A collated collection of algorithm templates: ACM templates
table of Contents
The smallest tree graph of a directed graph given a root
Given a graph with n nodes and m directed edges. Try to find a minimum tree graph rooted at node r, and output the sum of the weights of each edge of the minimum tree graph. If there is no
minimum tree graph rooted at r , output −1.
#include<bits/stdc++.h>
using namespace std;
const int N=106,M=10006,inf=2e8;
int n,m,rt,t,cnt=0,id[N],pre[N],ine[N],vis[N];
struct line{
int x,y,c;}q[M];
inline int read(){
int T=0,F=1; char ch=getchar();
while(ch<'0'||ch>'9'){
if(ch=='-') F=-1; ch=getchar();}
while(ch>='0'&&ch<='9') T=(T<<3)+(T<<1)+(ch-48),ch=getchar();
return F*T;
}
int zhuliu(){
int ans=0;
while(true){
cnt=0;
for(int i=1;i<=n;++i) ine[i]=inf,vis[i]=0,id[i]=0;//预处理
for(int i=1;i<=m;++i) if(q[i].x!=q[i].y&&ine[q[i].y]>q[i].c) ine[q[i].y]=q[i].c,pre[q[i].y]=q[i].x;//每个点的最短边
for(int i=1;i<=n;++i) if(i!=rt&&ine[i]==inf) return -1;//有点无最短边
for(int i=1;i<=n;++i){
if(i==rt) continue;
ans+=ine[i],t=i;
while(vis[t]!=i&&!id[t]&&t!=rt) vis[t]=i,t=pre[t];
//能走到环的点或者换上的点停下
if(!id[t]&&t!=rt){
id[t]=++cnt; //将环上的点标记为新的环
for(int o=pre[t];o!=t;o=pre[o]) id[o]=cnt;
}
}//找环
if(!cnt) break;//无环结束
for(int i=1;i<=n;++i) if(!id[i]) id[i]=++cnt;
for(int i=1;i<=m;++i){
t=q[i].y,q[i].x=id[q[i].x],q[i].y=id[q[i].y];
if(q[i].x!=q[i].y) q[i].c-=ine[t];
}
n=cnt,rt=id[rt];
//去旧图,换新图
}
return ans;
}
int main(){
n=read(),m=read(),rt=read();
for(int i=1;i<=m;++i) q[i].x=read(),q[i].y=read(),q[i].c=read();
printf("%d\n",zl());
return 0;
}
Dendrogram for a given root
Find a tree graph with no definite root: create a super root r and use it as the root to run the algorithm.

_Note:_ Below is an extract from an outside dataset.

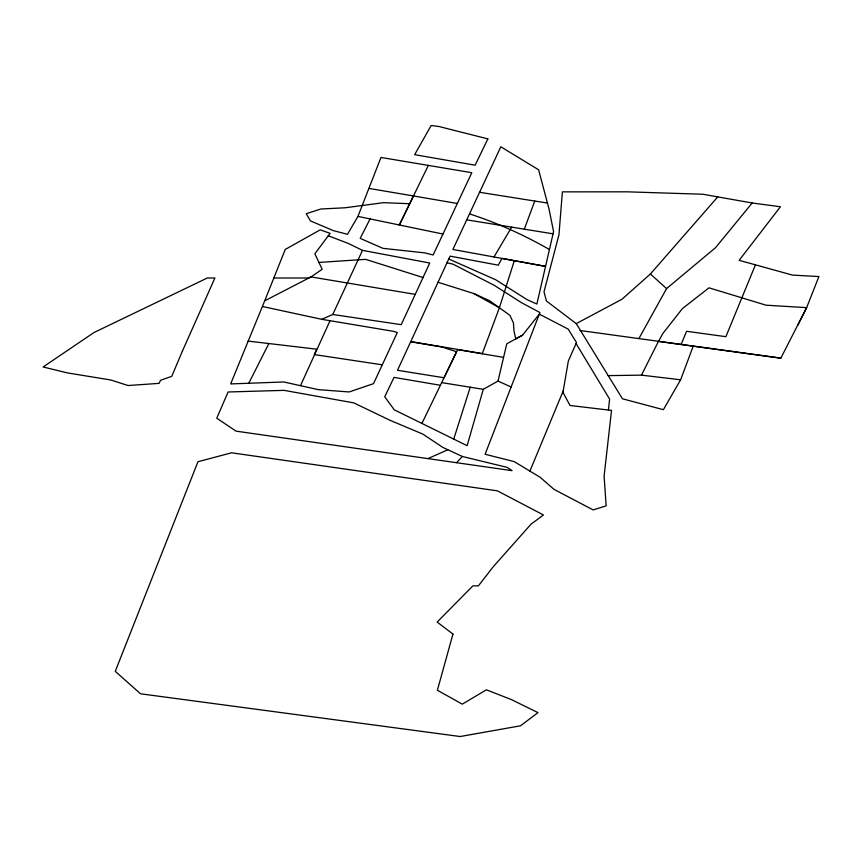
<?xml version="1.0" encoding="UTF-8"?>
<svg xmlns="http://www.w3.org/2000/svg" width="862" height="862" viewBox="0 0 862 862"><rect width="100%" height="100%" fill="white"/><g stroke="black" fill="none" stroke-linecap="round" stroke-linejoin="round"><path stroke-width="1.29" d="M608.443 410.032L609.606 399.084L576.053 343.529M563.209 390.939L562.757 391.984L570.03 405.485L611.524 410.398L604.1 476.18L606.158 505.865L593.131 509.916L554.007 489.357L540.151 477.289L529.904 471.094L563.209 390.939L568.37 360.919L576.484 342.559L568.177 329.112L539.31 314.134L522.577 335.146L506.781 343.787L498.02 381.069L483.28 389.322L441.678 382.62M448.725 259.009L450.179 256.143L498.29 265.173L501.996 258.428L545.549 266.369L452.895 249.474L500.822 146.788L538.621 169.792L549.04 209.067L553.566 231.576L536.875 304.06L527.07 299.664L495.704 279.751L448.725 259.009L410.775 341.567L482.321 353.549M483.28 389.322L467.118 445.686L394.257 409.806L384.711 396.768L394.031 377.394L440.363 385.271M453.746 439.049L470.232 387.21M482.235 353.786L499.389 307.777L514.323 260.68M524.301 229.173L534.774 201.04M457.172 203.454L413.469 195.965L409.709 203.723L383.525 202.667L345.156 207.774L320.987 208.992L306.225 213.701L310.428 220.887L333.411 230.66L347.494 234.292L357.956 216.405L380.961 157.444L471.805 172.702L433.133 254.99L424.858 252.889L382.911 248.342L360.197 238.365L370.089 218.937M797.867 325.136L806.681 307.637L766.038 305.191L708.995 287.822L682.381 308.628L662.9 333.443L658.482 341.427L780.81 358.226L806.703 307.497L818.9 276.573L792.437 275.086L739.154 260.324L780.433 206.751L752.17 203.001L702.886 194.241L627.353 191.827L562.39 191.86L558.953 234.82L544.008 291.787L546.389 300.978L576.247 323.616L622.472 398.794L663.374 409.687L680.624 379.786L693.253 346.061M264.699 300.838L285.247 249.452L320.222 229.842L330.114 233.343L314.845 253.794L322.172 269.3L310.999 276.907L264.699 300.838L230.671 383.924L283.727 381.974L318.401 389.656L349.196 391.951L373.505 383.655L397.307 332.57L393.632 331.364L321.72 319.306L262.468 306.506M681.174 344.401L686.572 331.288L725.879 336.686L755.446 264.839M300.482 385.68L330.06 320.686M321.72 319.306L332.775 314.479L401.218 324.672L429.739 263.029L362.482 250.357L348.377 243.461L328.282 235.768M332.775 314.479L362.482 250.357M421.96 423.328L457.625 349.66L503.537 357.353M428.339 165.396L399.354 224.993L409.709 203.723M608.184 375.616L641.468 375.142L658.493 341.287M248.773 383.256L268.858 343.539M752.17 203.001L715.589 247.631L666.585 288.576L638.882 338.604M511.683 227.126L494.001 256.951M717.69 196.978L650.379 273.997L621.965 299.243L576.247 323.616M456.537 462.678L462.355 456.472L507.233 467.398L512.05 470.652L236.016 431.14L216.761 418.21L228.096 391.984L284.04 390.357L353.819 402.888L390.077 420.322L422.833 434.103L442.82 447.4L462.355 456.472M522.577 335.146L515.788 338.863L514.043 331.288L513.418 322.862L509.895 315.341L489.659 300.752L473.755 293.522L437.993 282.251M427.994 458.584L447.755 449.792M318.929 262.436L365.607 259.354L423.145 277.553M273.674 278.017L308.876 277.995L310.999 276.907L415.462 294.395M248.04 341.093L316.699 349.175L314.296 354.573L382.071 364.788M641.468 375.142L680.624 379.786M580.148 330.534L780.821 358.075M479.778 192.312L547.435 203.055M466.816 219.875L553.048 233.828M369.324 188.476L413.469 195.965M357.956 216.405L442.863 234.022M446.904 262.77L453.056 264.171L494.292 285.365L521.79 302.874L539.946 312.529L485.101 454.263L514.183 461.601L529.904 471.094M469.618 213.916C497.245 222.827 524.225 235.11 549.428 249.517M498.02 381.069L511.123 387.016M473.755 293.522L499.389 307.777M650.379 273.997L666.585 288.576M452.949 634.066L437.379 690.257L462.28 704.146L486.427 689.816L511.446 699.61L537.974 712.626L520.497 725.804L460.157 736.525L140.538 693.791L115.26 671.347L197.958 461.72L231.576 452.798L497.406 490.844L543.469 514.98L531.1 524.118L493.376 566.571L478.399 585.869L472.926 585.848L437.153 622.062L452.949 634.066M182.378 351.19L171.754 376.338L160.591 380.239L159.082 383.364L128.093 385.529L110.659 379.959L67.484 372.923L43.1 366.975L94.001 332.517L207.343 277.984L214.897 277.995L182.378 351.19M410.678 341.794L397.49 370.272L444.049 377.761L456.601 351.728L442.034 347.03L410.678 341.794M487.849 138.879L475.145 165.181L414.644 154.675L431.172 125.475L439.06 126.531L487.849 138.879"/></g></svg>

Just connect r to each point of the original graph with an edge whose weight is greater than the weight of all edges in the original graph, and select these The edge is definitely not worthwhile, so only one will be chosen.
The method of judging no solution
Unsolvable tricks: enumerate each point i from small to large, add edges (i, (i + 1)% n + 1, + ∞) (i,(i+1)\%n+ 1,+\infty)(i,(i+1)%n+1,+ ∞ ) , so if you finally get the answer+ ∞ +\infty+ ∞ , then there is no solution.